# Iver Johnson Velocipede



## DonChristie (Jun 8, 2019)

This is an Iver Johnson i got off of CL. I got it to restore for my 6 mos grandson Carter. I restored a similiar one 25 yrs ago for Carter’s Mom, my daughter. So anyhow, this new trike was spray bombed Red. I was hoping for some original paint under the Red. I dont think so. Looks like i will need to repaint. The last pic is my daughters trike which i still have.


----------



## stezell (Jun 8, 2019)

Cool grandad there Don, cool project as well!
Sean


----------



## Hammerhead (Jun 8, 2019)

Very cool! Keep us updated on the progress.
Hammerhead


----------



## DonChristie (Jun 8, 2019)

I have her all broken down. I am working on unassembling the wheels now. Check out the spoke head! No head at all, just a small S bend!


----------



## DonChristie (Jun 11, 2019)

Took a slight detour from the wheels and played with the badge. It was also spray bombed and nothing would remove the paint. I tried acetone, paint thinner and goofoff! I then remembered the old way, gasoline! I soaked it over night. The red paint then came right off with a mild wire brush. Still got specs of red left though.


----------



## ivrjhnsn (Jun 11, 2019)

DonChristie said:


> I then remembered the old way, gasoline! I soaked it over night.



Ok,, I assume you are a non-smoker ?


----------



## jimbo53 (Jun 11, 2019)

DonChristie said:


> Took a slight detour from the wheels and played with the badge. It was also spray bombed and nothing would remove the paint. I tried acetone, paint thinner and goofoff! I then remembered the old way, gasoline! I soaked it over night. The red paint then came right off with a mild wire brush. Still got specs of red left though.
> 
> View attachment 1013782
> 
> View attachment 1013783



That cleaned up nice!


----------



## DonChristie (Jun 11, 2019)

ivrjhnsn said:


> Ok,, I assume you are a non-smoker ?



Well, i left it on the back porch. Didnt think smokin near it was a good idea!


----------



## DonChristie (Jun 22, 2019)

The rims are now reduced to rubble! Ha! The trike came with one iver rear wheel and one something else. I was lucky enough to find a set from @ivrjhnsn (Scott)! Thank you! Interesting about the set i got versus the one original, the set has 20 spokes per and the other 12 spokes! Maybe a difference in age?


----------



## DonChristie (Jun 29, 2019)

The painted parts are at the sandblaster now.

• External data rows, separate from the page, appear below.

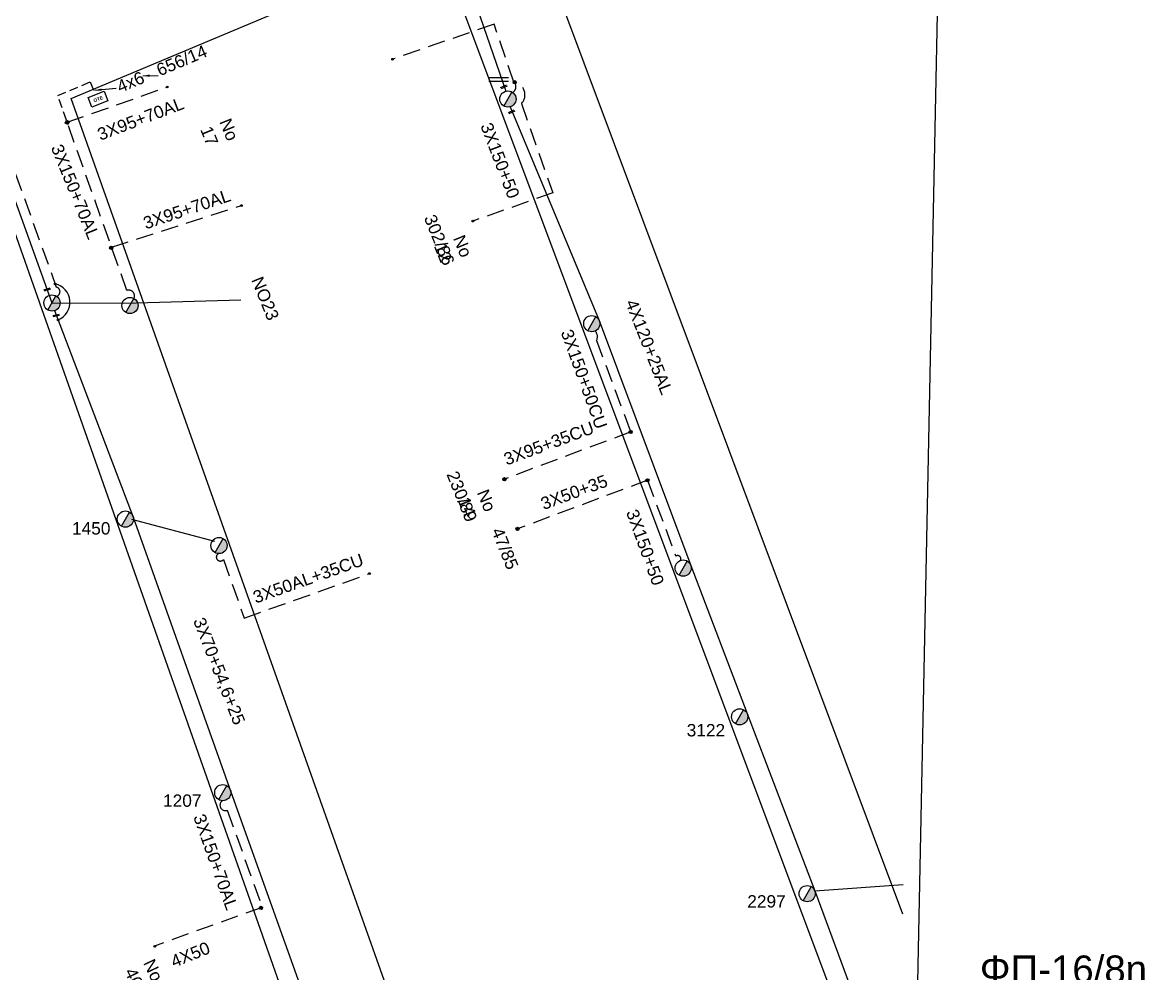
# Model space of a CAD drawing. Header units: millimetres. Extents: x 771 to 3391, y 686 to 1835.
# Drawn here: x 2753 to 2916.3, y 1162.7 to 1301.1 of the extents above; entities that cross this region are included whole.
import ezdxf

# ---------------------------------------------------------------- set-up
doc = ezdxf.new("R2010")
doc.units = ezdxf.units.MM
doc.linetypes.add('DASHED', pattern=[19.05, 12.7, -6.35])
for name, color, linetype in [('Pillar OTE', 7, 'Continuous'), ('Άγνωστα', 7, 'Continuous'), ('Επιγραφές - Σχήματα', 7, 'Continuous'), ('Καλωδια Χ.Τ 3x95+35', 7, 'DASHED'), ('Καλωδια Χ.Τ. 3x50+35', 7, 'Continuous'), ('Καλώδια ΧΤ   3x150+50CU', 7, 'DASHED'), ('Καλώδια ΧΤ   3x150+70AL', 7, 'DASHED'), ('Καλώδια ΧΤ   3x150AL+50CU', 7, 'DASHED'), ('Μηχανική τομή', 7, 'Continuous'), ('Στύλος ΦΜ', 7, 'Continuous'), ('Στύλος ΦΜ @ 1', 7, 'Continuous'), ('Συνδέσεις', 7, 'Continuous'), ('Συνεστραμμένα ΧΤ   3x70+54.6+25 AL', 7, 'SYN_LINE'), ('Συνεστραμμένα ΧΤ   4x120+25 AL', 7, 'SYN_LINE'), ('Τομή', 7, 'Continuous'), ('Υπόβαθρο ΔΕΗ', 7, 'Continuous'), ('Υπόγεια καλώδια Παροχών ΧΤ   4x50AL', 7, 'DASHED'), ('Υπόγεια καλώδια Παροχών ΧΤ   4x6', 7, 'DASHED')]:
    doc.layers.add(name, color=color, linetype=linetype)
doc.styles.get("Standard").update_dxf_attribs({"font": 'ARIAL.TTF'})
doc.linetypes.add('SYN_LINE', pattern='A,0.5,-0.0001,["/\\/\\/\\/",Standard,S=0.1,R=0,X=0,Y=-0.05],-0.25', length=0.7501)
doc.dimstyles.new('ISO-25', dxfattribs={"dimtxt": 2.5, "dimasz": 2.5, "dimexe": 1.25, "dimexo": 0.625, "dimtad": 1, "dimtxsty": 'Standard', "dimcen": 2.5, "dimadec": 0, "dimazin": 0, "dimtfac": 1, "dimtmove": 0, "dimatfit": 3, "dimfxl": 1, "dimarcsym": 0})

# ---------------------------------------------------------------- blocks, each defined once
blk = doc.blocks.new('ΥΠΑΡΧΩΝ ΤΣΙΜΕΝΤΕΝΙΟΣ ΣΤΥΛΟΣ')
at = {"layer": 'Στύλος ΦΜ'}
blk.add_hatch(color=7, dxfattribs=at).paths.add_polyline_path([(-1.29, -2.28, 0.574793), (2.62, 0, 0.268822), (1.3, 2.27)])
at = {"layer": 'Στύλος ΦΜ', "color": 7}
blk.add_line((-1.29, -2.28), (1.3, 2.27), dxfattribs=at)
blk.add_circle((0, 0), 2.62, dxfattribs=at)
at = {"layer": 'Στύλος ΦΜ', "flags": 4}
for tag, p in [('ΑΡΙΘΜΟΣ', (-4.68, 8.05)), ('ΤΥΠΟΣ', (-4.91, 3.03))]:
    blk.add_attdef(tag, p, '', height=4, dxfattribs=at)
blk = doc.blocks.new('_ΣΥΝΔΕΣΗ')
at = {"layer": 'Συνδέσεις', "linetype": 'SYN_LINE', "ltscale": 40}
blk.add_hatch(color=256, dxfattribs=at).paths.add_polyline_path([(0.5, -0.01, 1), (-0.5, -0.01, 1)])
at = {"layer": 'Συνδέσεις'}
blk.add_circle((0, -0.01), 0.5, dxfattribs=at)
blk = doc.blocks.new('ΜΗΧΑΝΙΚΗ ΤΟΜΗ')
at = {"layer": 'Μηχανική τομή', "ltscale": 40}
for p, q in [((-1.89, 0.78), (1.89, 0.78)), ((1.89, 0), (-1.89, 0))]:
    blk.add_line(p, q, dxfattribs=at)
blk = doc.blocks.new('ΤΟΜΗ')
at = {"layer": 'Τομή', "ltscale": 40}
for p, q in [((-5.68, 0), (5.68, 0)), ((5.68, -2.33), (-5.68, -2.33))]:
    blk.add_line(p, q, dxfattribs=at)
blk = doc.blocks.new('TSONTA XT1')
at = {"ltscale": 40}
h = blk.add_hatch(color=256, dxfattribs=at)
h.dxf.hatch_style = 1
h.paths.add_polyline_path([(595.96, 2487.66), (597.07, 2488.77), (595.96, 2489.87), (594.85, 2488.77)])
blk.add_lwpolyline([(594.85, 2488.77), (595.96, 2489.87), (597.07, 2488.77), (595.96, 2487.66)], close=True, dxfattribs=at)
blk = doc.blocks.new('PILLAR ΟΤΕ')
at = {"layer": 'Pillar OTE', "ltscale": 40}
blk.add_lwpolyline([(-3.31, 2.02), (3.39, 2.02), (3.39, -1.99), (-3.31, -1.99)], close=True, dxfattribs=at)
at = {"layer": 'Pillar OTE', "insert": (-1.81, 0.71), "char_height": 1.3575, "width": 109.961, "attachment_point": 1}
blk.add_mtext('{\\fArial|b1|i0|c161|p34;OTE}', dxfattribs=at)

msp = doc.modelspace()

# ---------------------------------------------------------------- linework, layer by layer
at = {"layer": 'Άγνωστα', "color": 30, "linetype": 'DASHED', "ltscale": 0.2}
for points in [[(2759.52791, 1286.5858), (2774.16079, 1291.75938)], [(2765.98235, 1268.40319), (2784.89858, 1274.47261)]]:
    msp.add_lwpolyline(points, dxfattribs=at)
at = {"layer": 'Άγνωστα', "color": 30, "linetype": 'SYN_LINE', "ltscale": 15}
for points in [[(2757.32016, 1260.27641), (2769.54477, 1260.31239), (2769.54477, 1260.31239)], [(2769.54477, 1260.31239), (2784.78497, 1260.77633)]]:
    msp.add_lwpolyline(points, dxfattribs=at)
at = {"layer": 'Άγνωστα', "color": 2}
msp.add_lwpolyline([(2868.32711, 1174.74732), (2881.20685, 1175.68641)], dxfattribs=at)
at = {"layer": 'Άγνωστα', "color": 27, "ltscale": 0.2}
msp.add_lwpolyline([(2788.12311, 1172.41275), (2788.127, 1172.41412)], dxfattribs=at)
at = {"layer": 'Καλωδια Χ.Τ 3x95+35', "color": 2, "linetype": 'DASHED', "ltscale": 0.2}
msp.add_lwpolyline([(2841.53973, 1241.52837), (2823.16296, 1234.65444)], dxfattribs=at)
at = {"layer": 'Καλωδια Χ.Τ. 3x50+35', "color": 2, "linetype": 'DASHED', "ltscale": 0.2}
msp.add_lwpolyline([(2843.97987, 1234.49408), (2825.28688, 1227.50185)], dxfattribs=at)
at = {"layer": 'Καλωδια Χ.Τ. 3x50+35', "color": 5, "linetype": 'DASHED', "ltscale": 0.2}
msp.add_lwpolyline([(2781.52698, 1223.82277, 1.229226095), (2782.26682, 1222.96897), (2785.29322, 1214.44338), (2803.53919, 1220.92031)], format="xyb", dxfattribs=at)
at = {"layer": 'Καλώδια ΧΤ   3x150+50CU', "color": 5, "linetype": 'DASHED', "ltscale": 0.2}
msp.add_lwpolyline([(2743.3839, 1303.73107, -0.998883415), (2746.84589, 1293.40258), (2757.94339, 1262.59942, -0.777057316), (2757.98227, 1261.26763)], format="xyb", dxfattribs=at)
at = {"layer": 'Καλώδια ΧΤ   3x150+50CU', "color": 30, "linetype": 'DASHED', "ltscale": 0.2}
msp.add_lwpolyline([(2824.34257, 1290.93935, 0.507812711), (2824.55566, 1292.43514), (2821.65027, 1300.86266), (2806.88738, 1295.77315)], format="xyb", dxfattribs=at)
at = {"layer": 'Καλώδια ΧΤ   3x150+50CU', "color": 2, "linetype": 'DASHED', "ltscale": 0.2}
for points in [[(2836.37767, 1256.22112, -0.30955552), (2836.56733, 1254.82157), (2841.53973, 1241.52837)], [(2843.97987, 1234.49408), (2848.10588, 1223.46362, -0.739481649), (2848.80804, 1222.83377)]]:
    msp.add_lwpolyline(points, format="xyb", dxfattribs=at)
at = {"layer": 'Καλώδια ΧΤ   3x150+70AL', "color": 30, "linetype": 'DASHED', "ltscale": 0.2}
for points in [[(2824.55566, 1292.43514, -0.613873895), (2825.63035, 1289.30114), (2830.2158, 1276.32841), (2818.56195, 1272.20915)], [(2769.24475, 1260.9471, 0.657868166), (2768.21088, 1262.12524), (2759.54518, 1286.53715)]]:
    msp.add_lwpolyline(points, format="xyb", dxfattribs=at)
at = {"layer": 'Καλώδια ΧΤ   3x150+70AL', "color": 5, "linetype": 'DASHED', "ltscale": 0.2}
msp.add_lwpolyline([(2782.10325, 1187.86649, 0.88335909), (2782.83247, 1186.47484), (2787.9017, 1172.33477)], format="xyb", dxfattribs=at)
at = {"layer": 'Συνεστραμμένα ΧΤ   3x70+54.6+25 AL', "color": 30, "linetype": 'SYN_LINE', "ltscale": 20}
msp.add_lwpolyline([(2757.32016, 1260.27641), (2744.13495, 1296.84314)], dxfattribs=at)
at = {"layer": 'Συνεστραμμένα ΧΤ   3x70+54.6+25 AL', "color": 2, "linetype": 'SYN_LINE', "ltscale": 20}
msp.add_lwpolyline([(2824.00734, 1288.84405), (2836.95854, 1257.75188), (2850.29772, 1222.09093), (2858.47908, 1200.53524), (2868.33089, 1174.74759), (2877.21734, 1150.75118)], dxfattribs=at)
at = {"layer": 'Συνεστραμμένα ΧΤ   3x70+54.6+25 AL', "color": 5, "linetype": 'SYN_LINE', "ltscale": 20}
msp.add_lwpolyline([(2757.69547, 1259.18685), (2769.14442, 1229.1337), (2783.34264, 1189.14828), (2796.46275, 1152.55112), (2806.62547, 1122.64975)], dxfattribs=at)
at = {"layer": 'Συνεστραμμένα ΧΤ   3x70+54.6+25 AL', "color": 5, "linetype": 'SYN_LINE', "ltscale": 15}
msp.add_lwpolyline([(2768.86361, 1228.82124), (2780.98388, 1225.65454)], dxfattribs=at)
at = {"layer": 'Συνεστραμμένα ΧΤ   4x120+25 AL', "color": 30, "linetype": 'SYN_LINE', "ltscale": 20}
msp.add_lwpolyline([(2772.47796, 1435.08609), (2783.08742, 1406.40877), (2792.57868, 1379.87681), (2804.7423, 1346.94114), (2811.73132, 1324.89483), (2823.3775, 1291.11335)], dxfattribs=at)
at = {"layer": 'Υπόβαθρο ΔΕΗ'}
for points in [[(887.18759, 748.25165), (2875.29445, 763.38266), (2895.53155, 1762.67838)], [(2884.20344, 1312.48957), (2876.02105, 1337.29618), (2826.30747, 1317.67948), (2881.1056, 1171.39551)], [(2760.11294, 1290.06747), (2813.5866, 1312.51801), (2870.95186, 1159.43548), (2814.3932, 1137.15602), (2760.11294, 1290.06747)], [(2704.92594, 1255.32971), (2715.24661, 1260.12571), (2716.39051, 1271.06603), (2747.00032, 1284.27063), (2800.87735, 1131.59833), (2759.11344, 1114.72766), (2704.92594, 1255.32971)]]:
    msp.add_lwpolyline(points, dxfattribs=at)
msp.add_arc((2757.1738, 1260.3868), 2.74838, 292.1120114, 77.3799167, dxfattribs=at)
at = {"layer": 'Υπόγεια καλώδια Παροχών ΧΤ   4x50AL', "color": 5, "linetype": 'DASHED', "ltscale": 0.2}
msp.add_lwpolyline([(2787.9017, 1172.33477), (2772.23293, 1166.7175)], dxfattribs=at)
at = {"layer": 'Υπόγεια καλώδια Παροχών ΧΤ   4x6', "color": 30, "linetype": 'DASHED', "ltscale": 0.1}
msp.add_lwpolyline([(2759.42377, 1286.9058), (2758.16367, 1290.48963), (2762.8571, 1292.46013), (2763.64957, 1290.57259)], dxfattribs=at)

# ---------------------------------------------------------------- block references
at = {"layer": 'Pillar OTE', "xscale": 0.375, "yscale": 0.375, "zscale": 0.375, "rotation": 20.97463555574058}
msp.add_blockref('PILLAR ΟΤΕ', (2763.99772, 1289.93481), dxfattribs=at)
at = {"layer": 'Μηχανική τομή'}
for p, xscale, yscale, zscale, rotation in [((2823.11446, 1291.65886), 0.2499999999999681, 0.2499999999999681, 0.2499999999999681, 24.52614692496657), ((2824.25612, 1288.02991), 0.2499999999999681, 0.2499999999999681, 0.2499999999999681, 24.52614692496657), ((2756.63629, 1262.17299), 0.25, 0.25, 0.25, 17.59654746458869), ((2757.9499, 1258.39459), 0.25, 0.25, 0.25, 11.58453589594179)]:
    msp.add_blockref('ΜΗΧΑΝΙΚΗ ΤΟΜΗ', p, dxfattribs=dict(at, xscale=xscale, yscale=yscale, zscale=zscale, rotation=rotation))
at = {"layer": 'Στύλος ΦΜ @ 1', "ltscale": 40, "xscale": 0.4499999999998181, "yscale": 0.4499999999998181, "zscale": 0.4499999999998181}
for p in [(2823.67002, 1289.97248), (2757.31079, 1260.30003), (2768.65919, 1259.92521), (2835.87644, 1257.28691), (2781.62964, 1224.99606), (2849.18102, 1221.71662)]:
    msp.add_blockref('ΥΠΑΡΧΩΝ ΤΣΙΜΕΝΤΕΝΙΟΣ ΣΤΥΛΟΣ', p, dxfattribs=at)
at = {"layer": 'Στύλος ΦΜ @ 1', "ltscale": 40}
ref = msp.add_blockref('ΥΠΑΡΧΩΝ ΤΣΙΜΕΝΤΕΝΙΟΣ ΣΤΥΛΟΣ', (2768.00254, 1228.84518), dxfattribs=dict(at, xscale=0.4499999999998181, yscale=0.4499999999998181, zscale=0.4499999999998181))
ref.add_attrib('ΤΥΠΟΣ', '1450', (2760.22597, 1226.59992), dxfattribs={"layer": 'Στύλος ΦΜ', "height": 1.8, "flags": 4})
ref = msp.add_blockref('ΥΠΑΡΧΩΝ ΤΣΙΜΕΝΤΕΝΙΟΣ ΣΤΥΛΟΣ', (2857.39549, 1200.07374), dxfattribs=dict(at, xscale=0.4499999999998181, yscale=0.4499999999998181, zscale=0.4499999999998181))
ref.add_attrib('ΤΥΠΟΣ', '3122', (2849.69375, 1197.22462), dxfattribs={"layer": 'Στύλος ΦΜ', "height": 1.8, "flags": 4})
ref = msp.add_blockref('ΥΠΑΡΧΩΝ ΤΣΙΜΕΝΤΕΝΙΟΣ ΣΤΥΛΟΣ', (2782.16964, 1189.04239), dxfattribs=dict(at, xscale=0.4499999999998181, yscale=0.4499999999998181, zscale=0.4499999999998181))
ref.add_attrib('ΤΥΠΟΣ', '1207', (2773.47862, 1186.9765), dxfattribs={"layer": 'Στύλος ΦΜ', "height": 1.8, "flags": 4})
ref = msp.add_blockref('ΥΠΑΡΧΩΝ ΤΣΙΜΕΝΤΕΝΙΟΣ ΣΤΥΛΟΣ', (2867.22944, 1174.33052), dxfattribs=dict(at, xscale=0.4499999999998181, yscale=0.4499999999998181, zscale=0.4499999999998181))
ref.add_attrib('ΤΥΠΟΣ', '2297', (2858.51115, 1172.31744), dxfattribs={"layer": 'Στύλος ΦΜ', "height": 1.8, "flags": 4})
at = {"layer": 'Συνδέσεις'}
for p, xscale, yscale, zscale in [((2806.88738, 1295.77315), 0.25, 0.25, 0.25), ((2774.09544, 1291.73628), 0.25, 0.25, 0.25), ((2824.657, 1292.42174), 0.4777242751394019, 0.4777242751394019, 0.4777242751394019), ((2784.89858, 1274.47261), 0.25, 0.25, 0.25), ((2818.56195, 1272.20915), 0.25, 0.25, 0.25), ((2765.93863, 1268.34216), 0.4777242751394019, 0.4777242751394019, 0.4777242751394019), ((2757.77428, 1263.06878), 0.25, 0.25, 0.25), ((2758.20835, 1257.84057), 0.25, 0.25, 0.25), ((2841.53973, 1241.52837), 0.4777242751394019, 0.4777242751394019, 0.4777242751394019), ((2823.16296, 1234.65444), 0.4777242751394019, 0.4777242751394019, 0.4777242751394019), ((2843.97356, 1234.49171), 0.4777242751394019, 0.4777242751394019, 0.4777242751394019), ((2825.06635, 1227.41937), 0.4777242751394019, 0.4777242751394019, 0.4777242751394019), ((2803.53919, 1220.92031), 0.25, 0.25, 0.25), ((2787.73599, 1172.27536), 0.4777242751394019, 0.4777242751394019, 0.4777242751394019), ((2772.27922, 1166.67226), 0.25, 0.25, 0.25)]:
    msp.add_blockref('_ΣΥΝΔΕΣΗ', p, dxfattribs=dict(at, xscale=xscale, yscale=yscale, zscale=zscale))
at = {"layer": 'Συνδέσεις', "xscale": 0.3075184835441075, "yscale": 0.3075184835441075, "zscale": 0.3075184835441075, "rotation": 18.42562371114567}
msp.add_blockref('TSONTA XT1', (2827.56232, 502.55034), dxfattribs=at)
at = {"layer": 'Τομή', "xscale": 0.25, "yscale": 0.25, "zscale": 0.25}
msp.add_blockref('ΤΟΜΗ', (2822.31651, 1293.10062), dxfattribs=at)

# ---------------------------------------------------------------- texts
at = {"layer": 'Άγνωστα', "color": 7, "char_height": 1.8, "attachment_point": 1}
for s, gutter_width, insert, rotation in [('656/14', 1.71483, (2772.29941, 1294.92924), 22.8323789), ('4x6', 1.71483, (2766.52314, 1292.50411), 22.8323789), ('3X95+70AL', 12.5, (2763.71417, 1285.57734), 20.9232682), ('3X95+70AL', 12.5, (2770.3898, 1272.69867), 18.5273723), ('302/86', 1.95143, (2813.08909, 1273.37676), 292.0698273), ('NO23', 12.5, (2787.95589, 1264.341), 292.0698273), ('3X150+50CU', 12.5, (2833.02623, 1256.65599), 289.9169393), ('3X95+35CU', 12.5, (2822.8599, 1238.31861), 20.3295234), ('230/89', 2.00674, (2816.3715, 1236.0479), 292.0698273), ('3X50+35', 12.5, (2828.24145, 1231.8451), 20.3295234), ('3X150+50', 12.5, (2842.5395, 1230.47049), 289.9169393), ('47/85', 2.00674, (2822.90413, 1227.82129), 292.0698273), ('3X50AL+35CU', 12.5, (2786.37191, 1218.23881), 19.5640446), ('3X70+54,6+25', 12.5, (2779.50523, 1214.73695), 291.3321964), ('4X50', 12.5, (2774.38739, 1165.20333), 22.1491672)]:
    msp.add_mtext_dynamic_manual_height_columns(s, width=1.8, gutter_width=gutter_width, heights=[0.04535], dxfattribs=dict(at, insert=insert, rotation=rotation))
at = {"layer": 'Άγνωστα', "color": 7}
note = msp.add_mtext_dynamic_manual_height_columns('No ', width=1.8, gutter_width=2.00674, heights=[0.04535, 0], dxfattribs=dict(at, insert=(2781.88015, 1290.88939), char_height=1.8, attachment_point=1, rotation=292.0698273))
for column, words in zip(note.columns.linked_columns, ['17']):
    column.text = words
note = msp.add_mtext_dynamic_manual_height_columns('No ', width=1.8, gutter_width=1.95143, heights=[0.04535, 0], dxfattribs=dict(at, insert=(2815.90996, 1273.87217), char_height=1.8, attachment_point=1, rotation=292.0698273))
for column, words in zip(note.columns.linked_columns, ['12']):
    column.text = words
note = msp.add_mtext_dynamic_manual_height_columns('No ', width=1.8, gutter_width=2.00674, heights=[0.04535, 0], dxfattribs=dict(at, insert=(2819.36025, 1236.91914), char_height=1.8, attachment_point=1, rotation=292.0698273))
for column, words in zip(note.columns.linked_columns, ['14']):
    column.text = words
note = msp.add_mtext_dynamic_manual_height_columns('No ', width=1.8, gutter_width=1.89371, heights=[0.04535, 0], dxfattribs=dict(at, insert=(2770.60702, 1168.37578), char_height=1.8, attachment_point=1, rotation=295.1972149))
for column, words in zip(note.columns.linked_columns, ['40']):
    column.text = words
at = {"layer": 'Επιγραφές - Σχήματα', "ltscale": 0.2, "insert": (2892.35882, 1165.33974), "char_height": 4, "width": 19.6718533, "attachment_point": 1}
msp.add_mtext('ΦΠ-16/8η', dxfattribs=at)
at = {"layer": 'Καλώδια ΧΤ   3x150+70AL', "color": 7, "char_height": 1.8, "attachment_point": 1}
for insert, rotation in [((2758.79503, 1283.59872), 292.0698273), ((2779.55102, 1186.13243), 289.5149613)]:
    msp.add_mtext_dynamic_manual_height_columns('3X150+70AL', width=1.8, gutter_width=12.5, heights=[0.04535], dxfattribs=dict(at, insert=insert, rotation=rotation))
at = {"layer": 'Καλώδια ΧΤ   3x150AL+50CU', "color": 7, "insert": (2821.3175, 1286.73677), "char_height": 1.8, "attachment_point": 1, "rotation": 290.9201145}
msp.add_mtext_dynamic_manual_height_columns('3X150+50', width=1.8, gutter_width=12.5, heights=[0.04535], dxfattribs=at)
at = {"layer": 'Συνεστραμμένα ΧΤ   4x120+25 AL', "color": 7, "insert": (2842.41533, 1261.02071), "char_height": 1.8, "attachment_point": 1, "rotation": 291.3321964}
msp.add_mtext_dynamic_manual_height_columns('4X120+25AL', width=1.8, gutter_width=12.5, heights=[0.04535], dxfattribs=at)

# ---------------------------------------------------------------- leaders
at = {"layer": 'Επιγραφές - Σχήματα', "ltscale": 40}
for points in [[(2770.51286, 1293.3548), (2772.78256, 1293.4012)], [(2763.55939, 1291.24828), (2766.66158, 1291.5555)]]:
    msp.add_leader(points, dimstyle='ISO-25', override={"dimasz": 1, "dimtad": 0}, dxfattribs=at)

doc.saveas('drawing.dxf')

The blaster corrected me and said its glass blasted. Ha! I found a great pair of Torrington junior pedals, grips and a used seat. I thought the grips were repopped. Upon closer inspection, they could be NOS. I also started buffing the red paint off of the metal parts.


----------



## stezell (Jun 29, 2019)

Looking good Don, looks like those wheels will clean up nice. 
Sean


----------



## DonChristie (Jun 30, 2019)

Thanks @stezell! I started buffing the metal parts. My plan was to use the metal parts buffed only. Now i am thinking about plating. What to do...


----------



## rollfaster (Jun 30, 2019)

Nice progress Don!!


----------



## DonChristie (Jun 30, 2019)

Thanks Rob,  @rollfaster ! I did a little something on the badge. I tried filling the text in with white paint using a syringe. It does not look bad but certainly not good! Lol.


----------



## rollfaster (Jun 30, 2019)

DonChristie said:


> Thanks Rob,  @rollfaster ! I did a little something on the badge. I tried filling the text in with white paint using a syringe. It does not look bad but certainly not good! Lol.
> 
> View attachment 1023177
> 
> ...



Hey, a little practice goes a long way!


----------



## DonChristie (Jun 30, 2019)

I started to clean the paint off of the front fender when i noticed blue paint underneath. It appeared to be iver blue! I thought all the velocipedes had chromium fender. Wrong! Apparently, originally in about 1925 they did not have a fender. Then around the early 30s they added a fender and it was painted to match the trike. After that, they made the fender chrome! So as far as a date, based on the blue fender, it is from 1931-33.


----------



## DonChristie (Jul 1, 2019)

Got the parts back from the blaster today. Sanded the metal with 180 and primed! Who says Ivers dont grow on trees! Ha!


----------



## DonChristie (Jul 1, 2019)

On a more serious note, i always thought the IJ velocipede did not have serial numbers. The original one i did was not marked. While sanding this frame, low and behold, there is a serial number! Its on the bottom of the rear axl in center. I wonder if they can be dated like an Iver bike?


----------



## DonChristie (Jul 6, 2019)

I have spent many hours behind this  Craftsman motor and scotchbrite wheel! Got it from my dad 25 yrs ago, same wheel too! Buffing spokes is a real pain so i have been toggling between the spokes and paint. I got a coat of paint on her that im happy with. I need to focus on the wheels since i plan on shipping them to the new tire guy. That should take weeks!


----------



## Hammerhead (Jul 6, 2019)

WOW! Looks great, very nice work. Will keep watching to see this project finished.
Hammerhead


----------



## DonChristie (Jul 7, 2019)

Thanks @Hammerhead ! I got the wheels spoked up and trued! What a load off! I got to now send them off to a guy who will install the rubber. This will give me time to go thru the rest of it.


----------



## DonChristie (Jul 11, 2019)

The Devils in the details! Mounted the badge and front end all together. The rims were mailed off yesterday to get new skins put on. Probably will be a few weeks now.


----------